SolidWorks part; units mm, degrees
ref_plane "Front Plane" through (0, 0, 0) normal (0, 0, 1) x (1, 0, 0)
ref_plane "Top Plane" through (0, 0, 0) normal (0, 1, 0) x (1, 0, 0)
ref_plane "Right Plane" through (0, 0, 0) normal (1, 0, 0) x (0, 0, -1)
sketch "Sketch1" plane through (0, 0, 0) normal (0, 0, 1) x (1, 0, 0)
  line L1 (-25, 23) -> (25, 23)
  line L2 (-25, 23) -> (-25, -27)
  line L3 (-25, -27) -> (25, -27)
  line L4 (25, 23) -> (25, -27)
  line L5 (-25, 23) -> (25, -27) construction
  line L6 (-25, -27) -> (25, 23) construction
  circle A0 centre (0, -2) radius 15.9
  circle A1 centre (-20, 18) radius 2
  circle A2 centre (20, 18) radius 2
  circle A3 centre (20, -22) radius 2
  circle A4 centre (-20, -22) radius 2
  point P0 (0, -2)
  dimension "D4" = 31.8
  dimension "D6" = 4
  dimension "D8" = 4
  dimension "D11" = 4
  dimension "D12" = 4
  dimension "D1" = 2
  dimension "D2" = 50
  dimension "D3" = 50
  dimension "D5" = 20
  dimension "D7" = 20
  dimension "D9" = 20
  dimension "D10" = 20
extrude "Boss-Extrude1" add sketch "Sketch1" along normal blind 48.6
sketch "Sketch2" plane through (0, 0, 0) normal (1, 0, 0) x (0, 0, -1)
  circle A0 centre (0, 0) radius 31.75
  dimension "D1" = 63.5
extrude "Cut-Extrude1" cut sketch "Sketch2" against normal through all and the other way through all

========================

BRIEF: Send back all of the material exactly as given.

EXERCISE ANSWER:
SolidWorks part; units mm, degrees
ref_plane "Front Plane" through (0, 0, 0) normal (0, 0, 1) x (1, 0, 0)
ref_plane "Top Plane" through (0, 0, 0) normal (0, 1, 0) x (1, 0, 0)
ref_plane "Right Plane" through (0, 0, 0) normal (1, 0, 0) x (0, 0, -1)
sketch "Sketch1" plane through (0, 0, 0) normal (0, 0, 1) x (1, 0, 0)
  line L1 (-25, 23) -> (25, 23)
  line L2 (-25, 23) -> (-25, -27)
  line L3 (-25, -27) -> (25, -27)
  line L4 (25, 23) -> (25, -27)
  line L5 (-25, 23) -> (25, -27) construction
  line L6 (-25, -27) -> (25, 23) construction
  circle A0 centre (0, -2) radius 15.9
  circle A1 centre (-20, 18) radius 2
  circle A2 centre (20, 18) radius 2
  circle A3 centre (20, -22) radius 2
  circle A4 centre (-20, -22) radius 2
  point P0 (0, -2)
  dimension "D4" = 31.8
  dimension "D6" = 4
  dimension "D8" = 4
  dimension "D11" = 4
  dimension "D12" = 4
  dimension "D1" = 2
  dimension "D2" = 50
  dimension "D3" = 50
  dimension "D5" = 20
  dimension "D7" = 20
  dimension "D9" = 20
  dimension "D10" = 20
extrude "Boss-Extrude1" add sketch "Sketch1" along normal blind 48.6
sketch "Sketch2" plane through (0, 0, 0) normal (1, 0, 0) x (0, 0, -1)
  circle A0 centre (0, 0) radius 31.75
  dimension "D1" = 63.5
extrude "Cut-Extrude1" cut sketch "Sketch2" against normal through all and the other way through all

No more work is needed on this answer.